▶ _What you have to do_:
The required output consists solely of the lines from the line containing "Pmean : Subsystem" through the end of the records, copied exactly.

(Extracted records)
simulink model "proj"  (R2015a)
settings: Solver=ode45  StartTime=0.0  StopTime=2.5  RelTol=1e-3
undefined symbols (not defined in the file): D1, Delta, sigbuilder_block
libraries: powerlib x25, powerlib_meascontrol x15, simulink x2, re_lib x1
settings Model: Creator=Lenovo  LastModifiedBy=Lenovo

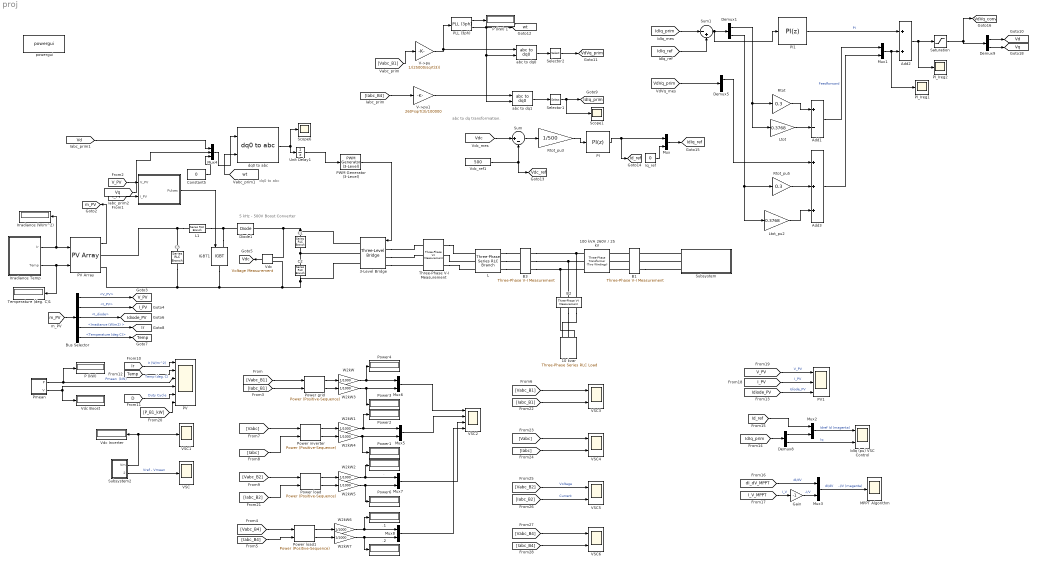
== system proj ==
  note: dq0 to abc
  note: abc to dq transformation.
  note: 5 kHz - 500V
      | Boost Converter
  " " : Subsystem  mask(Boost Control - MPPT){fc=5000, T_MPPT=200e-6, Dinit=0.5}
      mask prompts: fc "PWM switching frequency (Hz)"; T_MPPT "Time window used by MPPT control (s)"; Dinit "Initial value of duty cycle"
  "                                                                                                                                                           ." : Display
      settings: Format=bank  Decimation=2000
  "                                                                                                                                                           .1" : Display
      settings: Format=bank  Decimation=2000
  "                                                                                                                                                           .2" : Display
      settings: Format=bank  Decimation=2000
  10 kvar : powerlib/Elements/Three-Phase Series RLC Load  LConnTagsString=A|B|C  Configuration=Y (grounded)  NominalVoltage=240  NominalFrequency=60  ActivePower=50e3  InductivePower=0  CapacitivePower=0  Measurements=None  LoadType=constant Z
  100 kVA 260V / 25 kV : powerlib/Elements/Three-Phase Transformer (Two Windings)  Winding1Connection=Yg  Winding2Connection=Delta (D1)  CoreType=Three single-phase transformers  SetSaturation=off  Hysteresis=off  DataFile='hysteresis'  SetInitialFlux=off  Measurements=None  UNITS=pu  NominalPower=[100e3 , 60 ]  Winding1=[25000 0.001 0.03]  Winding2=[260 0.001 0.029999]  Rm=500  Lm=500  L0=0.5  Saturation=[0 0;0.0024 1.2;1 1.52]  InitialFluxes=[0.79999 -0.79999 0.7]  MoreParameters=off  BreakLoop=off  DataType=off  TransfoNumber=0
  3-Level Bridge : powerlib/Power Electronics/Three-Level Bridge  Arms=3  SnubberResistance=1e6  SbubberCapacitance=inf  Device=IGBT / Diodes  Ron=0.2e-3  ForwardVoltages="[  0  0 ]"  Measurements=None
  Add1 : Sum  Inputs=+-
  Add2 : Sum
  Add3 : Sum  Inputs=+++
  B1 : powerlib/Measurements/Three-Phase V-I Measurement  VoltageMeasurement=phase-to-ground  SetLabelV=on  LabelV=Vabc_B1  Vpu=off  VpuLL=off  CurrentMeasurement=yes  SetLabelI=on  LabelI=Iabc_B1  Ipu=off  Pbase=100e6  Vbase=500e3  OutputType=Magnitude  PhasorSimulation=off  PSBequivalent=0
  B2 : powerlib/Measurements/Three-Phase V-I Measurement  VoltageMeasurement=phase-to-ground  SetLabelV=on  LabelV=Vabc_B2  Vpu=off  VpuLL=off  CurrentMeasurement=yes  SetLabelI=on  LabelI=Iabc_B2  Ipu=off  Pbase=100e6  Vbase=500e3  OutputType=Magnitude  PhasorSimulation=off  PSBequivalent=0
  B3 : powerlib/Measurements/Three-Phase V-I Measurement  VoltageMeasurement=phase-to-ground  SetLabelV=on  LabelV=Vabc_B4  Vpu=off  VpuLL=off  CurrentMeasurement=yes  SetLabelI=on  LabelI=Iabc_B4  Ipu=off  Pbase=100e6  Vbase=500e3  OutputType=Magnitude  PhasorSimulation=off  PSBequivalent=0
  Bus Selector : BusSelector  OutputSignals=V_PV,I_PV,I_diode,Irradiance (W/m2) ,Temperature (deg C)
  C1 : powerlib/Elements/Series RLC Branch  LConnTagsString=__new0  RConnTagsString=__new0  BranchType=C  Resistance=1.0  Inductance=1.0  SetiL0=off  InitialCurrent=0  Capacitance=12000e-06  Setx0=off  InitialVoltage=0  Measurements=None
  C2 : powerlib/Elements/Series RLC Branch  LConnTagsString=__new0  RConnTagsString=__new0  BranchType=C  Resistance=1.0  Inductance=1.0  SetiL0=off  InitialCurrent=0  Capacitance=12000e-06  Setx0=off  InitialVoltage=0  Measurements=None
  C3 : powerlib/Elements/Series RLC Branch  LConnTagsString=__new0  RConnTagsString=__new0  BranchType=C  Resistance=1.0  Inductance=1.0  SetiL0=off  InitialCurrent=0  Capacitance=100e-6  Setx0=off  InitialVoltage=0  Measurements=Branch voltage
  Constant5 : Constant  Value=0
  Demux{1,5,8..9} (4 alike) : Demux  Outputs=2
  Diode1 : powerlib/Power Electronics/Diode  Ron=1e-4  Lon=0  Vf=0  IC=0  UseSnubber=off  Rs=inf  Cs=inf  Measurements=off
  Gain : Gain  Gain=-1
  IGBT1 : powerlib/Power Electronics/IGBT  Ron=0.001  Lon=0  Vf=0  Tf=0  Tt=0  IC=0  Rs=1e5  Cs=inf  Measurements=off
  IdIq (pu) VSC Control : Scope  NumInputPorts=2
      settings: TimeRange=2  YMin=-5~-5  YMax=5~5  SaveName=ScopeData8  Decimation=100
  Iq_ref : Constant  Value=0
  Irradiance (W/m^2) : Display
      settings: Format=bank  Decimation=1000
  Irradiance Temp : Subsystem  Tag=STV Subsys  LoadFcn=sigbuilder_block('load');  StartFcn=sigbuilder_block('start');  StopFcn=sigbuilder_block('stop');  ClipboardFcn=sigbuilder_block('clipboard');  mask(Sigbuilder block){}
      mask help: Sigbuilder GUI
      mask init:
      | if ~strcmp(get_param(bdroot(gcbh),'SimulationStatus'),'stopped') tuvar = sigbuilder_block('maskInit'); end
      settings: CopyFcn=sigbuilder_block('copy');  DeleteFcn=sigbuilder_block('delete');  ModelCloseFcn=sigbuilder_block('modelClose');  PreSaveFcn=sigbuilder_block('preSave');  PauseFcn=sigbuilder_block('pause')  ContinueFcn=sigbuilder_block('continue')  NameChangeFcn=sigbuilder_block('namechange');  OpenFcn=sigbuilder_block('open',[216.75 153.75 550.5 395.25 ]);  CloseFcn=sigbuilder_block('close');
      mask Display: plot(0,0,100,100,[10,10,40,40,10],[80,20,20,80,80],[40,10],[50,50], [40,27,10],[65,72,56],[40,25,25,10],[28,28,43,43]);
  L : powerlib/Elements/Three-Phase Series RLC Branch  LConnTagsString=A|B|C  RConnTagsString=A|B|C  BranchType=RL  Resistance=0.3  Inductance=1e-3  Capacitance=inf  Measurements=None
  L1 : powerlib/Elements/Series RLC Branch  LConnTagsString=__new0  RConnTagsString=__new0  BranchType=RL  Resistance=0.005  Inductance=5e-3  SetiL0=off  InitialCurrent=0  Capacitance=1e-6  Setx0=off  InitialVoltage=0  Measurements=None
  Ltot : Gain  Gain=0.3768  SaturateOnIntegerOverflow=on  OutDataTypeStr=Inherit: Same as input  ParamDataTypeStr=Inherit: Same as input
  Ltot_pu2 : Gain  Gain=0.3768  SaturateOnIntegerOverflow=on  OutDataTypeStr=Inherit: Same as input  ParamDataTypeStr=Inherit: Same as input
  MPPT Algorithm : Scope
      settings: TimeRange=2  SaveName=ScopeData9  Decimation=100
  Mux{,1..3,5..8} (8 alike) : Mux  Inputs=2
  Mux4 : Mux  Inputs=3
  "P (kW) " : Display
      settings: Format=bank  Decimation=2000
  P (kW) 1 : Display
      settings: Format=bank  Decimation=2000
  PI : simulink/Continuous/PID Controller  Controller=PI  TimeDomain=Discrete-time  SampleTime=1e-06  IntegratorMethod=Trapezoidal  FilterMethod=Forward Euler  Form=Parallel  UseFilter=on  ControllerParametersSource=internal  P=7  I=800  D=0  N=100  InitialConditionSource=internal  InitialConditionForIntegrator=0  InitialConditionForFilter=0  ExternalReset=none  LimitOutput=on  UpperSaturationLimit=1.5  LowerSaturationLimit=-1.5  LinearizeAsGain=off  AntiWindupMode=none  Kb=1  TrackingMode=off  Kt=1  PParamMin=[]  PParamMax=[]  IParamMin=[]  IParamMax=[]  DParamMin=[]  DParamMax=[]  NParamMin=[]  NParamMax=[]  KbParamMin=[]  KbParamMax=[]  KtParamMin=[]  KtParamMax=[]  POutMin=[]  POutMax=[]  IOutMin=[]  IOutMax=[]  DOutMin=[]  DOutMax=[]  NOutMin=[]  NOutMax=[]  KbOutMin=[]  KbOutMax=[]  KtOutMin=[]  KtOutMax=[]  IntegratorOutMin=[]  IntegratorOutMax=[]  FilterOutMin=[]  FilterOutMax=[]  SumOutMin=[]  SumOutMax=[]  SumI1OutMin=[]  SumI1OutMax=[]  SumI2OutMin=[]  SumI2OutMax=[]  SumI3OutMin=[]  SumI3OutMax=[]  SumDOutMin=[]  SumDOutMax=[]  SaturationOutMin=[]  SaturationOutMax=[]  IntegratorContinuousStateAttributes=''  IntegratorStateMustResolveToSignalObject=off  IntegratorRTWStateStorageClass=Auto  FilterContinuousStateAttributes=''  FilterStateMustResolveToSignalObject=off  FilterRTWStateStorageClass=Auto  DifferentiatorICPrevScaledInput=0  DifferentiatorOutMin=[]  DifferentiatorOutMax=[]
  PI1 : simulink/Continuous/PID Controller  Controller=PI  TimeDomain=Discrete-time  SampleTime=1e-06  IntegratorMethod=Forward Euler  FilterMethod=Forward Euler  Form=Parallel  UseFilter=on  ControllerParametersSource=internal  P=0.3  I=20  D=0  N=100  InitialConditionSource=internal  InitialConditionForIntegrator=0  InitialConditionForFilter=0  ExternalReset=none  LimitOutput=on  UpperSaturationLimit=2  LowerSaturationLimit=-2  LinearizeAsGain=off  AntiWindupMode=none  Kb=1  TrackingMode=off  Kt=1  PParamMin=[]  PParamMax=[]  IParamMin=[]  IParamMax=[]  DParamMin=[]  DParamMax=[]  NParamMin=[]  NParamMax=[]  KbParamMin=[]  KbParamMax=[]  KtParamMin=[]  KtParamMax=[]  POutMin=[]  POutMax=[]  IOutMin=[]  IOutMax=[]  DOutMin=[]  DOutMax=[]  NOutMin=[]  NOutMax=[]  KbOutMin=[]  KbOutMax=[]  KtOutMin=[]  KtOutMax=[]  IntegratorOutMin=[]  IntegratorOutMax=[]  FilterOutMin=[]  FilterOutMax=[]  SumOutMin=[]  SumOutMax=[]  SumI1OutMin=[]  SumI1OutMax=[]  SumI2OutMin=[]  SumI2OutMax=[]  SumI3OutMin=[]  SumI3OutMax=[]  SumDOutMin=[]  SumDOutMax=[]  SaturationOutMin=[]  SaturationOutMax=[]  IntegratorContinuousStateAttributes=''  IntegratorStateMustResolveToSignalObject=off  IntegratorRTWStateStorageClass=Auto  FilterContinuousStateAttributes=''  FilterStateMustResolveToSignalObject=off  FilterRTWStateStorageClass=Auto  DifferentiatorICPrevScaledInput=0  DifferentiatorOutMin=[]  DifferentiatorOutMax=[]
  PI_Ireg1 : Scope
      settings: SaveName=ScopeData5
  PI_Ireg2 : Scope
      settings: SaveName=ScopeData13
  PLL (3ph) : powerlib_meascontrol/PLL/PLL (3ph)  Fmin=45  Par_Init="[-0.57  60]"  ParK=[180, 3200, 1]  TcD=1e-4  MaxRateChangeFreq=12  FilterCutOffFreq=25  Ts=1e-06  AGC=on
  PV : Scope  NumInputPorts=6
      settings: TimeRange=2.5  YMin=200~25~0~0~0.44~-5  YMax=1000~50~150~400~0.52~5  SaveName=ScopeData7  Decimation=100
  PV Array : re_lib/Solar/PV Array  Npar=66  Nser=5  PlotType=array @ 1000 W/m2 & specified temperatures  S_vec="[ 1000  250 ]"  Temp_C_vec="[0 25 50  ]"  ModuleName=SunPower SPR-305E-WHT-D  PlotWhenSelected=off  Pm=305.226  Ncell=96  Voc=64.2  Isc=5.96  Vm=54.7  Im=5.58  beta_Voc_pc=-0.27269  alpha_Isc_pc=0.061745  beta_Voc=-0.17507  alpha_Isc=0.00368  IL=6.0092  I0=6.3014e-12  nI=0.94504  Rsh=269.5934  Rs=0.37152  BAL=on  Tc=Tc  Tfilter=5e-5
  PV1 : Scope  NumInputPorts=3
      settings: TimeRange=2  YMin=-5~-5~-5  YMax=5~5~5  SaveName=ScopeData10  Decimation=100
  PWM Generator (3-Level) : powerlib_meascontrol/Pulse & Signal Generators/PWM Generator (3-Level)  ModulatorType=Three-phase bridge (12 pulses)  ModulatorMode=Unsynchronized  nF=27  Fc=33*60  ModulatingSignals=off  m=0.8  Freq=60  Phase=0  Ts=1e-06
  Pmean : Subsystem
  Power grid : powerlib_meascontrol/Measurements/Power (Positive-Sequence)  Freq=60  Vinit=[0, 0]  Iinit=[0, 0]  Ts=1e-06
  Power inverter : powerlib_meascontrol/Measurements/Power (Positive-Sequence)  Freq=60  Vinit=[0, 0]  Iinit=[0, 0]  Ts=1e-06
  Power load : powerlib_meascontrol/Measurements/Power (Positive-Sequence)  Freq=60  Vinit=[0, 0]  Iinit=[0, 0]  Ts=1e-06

▶ _Exercise result_:
  Pmean : Subsystem
  Power grid : powerlib_meascontrol/Measurements/Power (Positive-Sequence)  Freq=60  Vinit=[0, 0]  Iinit=[0, 0]  Ts=1e-06
  Power inverter : powerlib_meascontrol/Measurements/Power (Positive-Sequence)  Freq=60  Vinit=[0, 0]  Iinit=[0, 0]  Ts=1e-06
  Power load : powerlib_meascontrol/Measurements/Power (Positive-Sequence)  Freq=60  Vinit=[0, 0]  Iinit=[0, 0]  Ts=1e-06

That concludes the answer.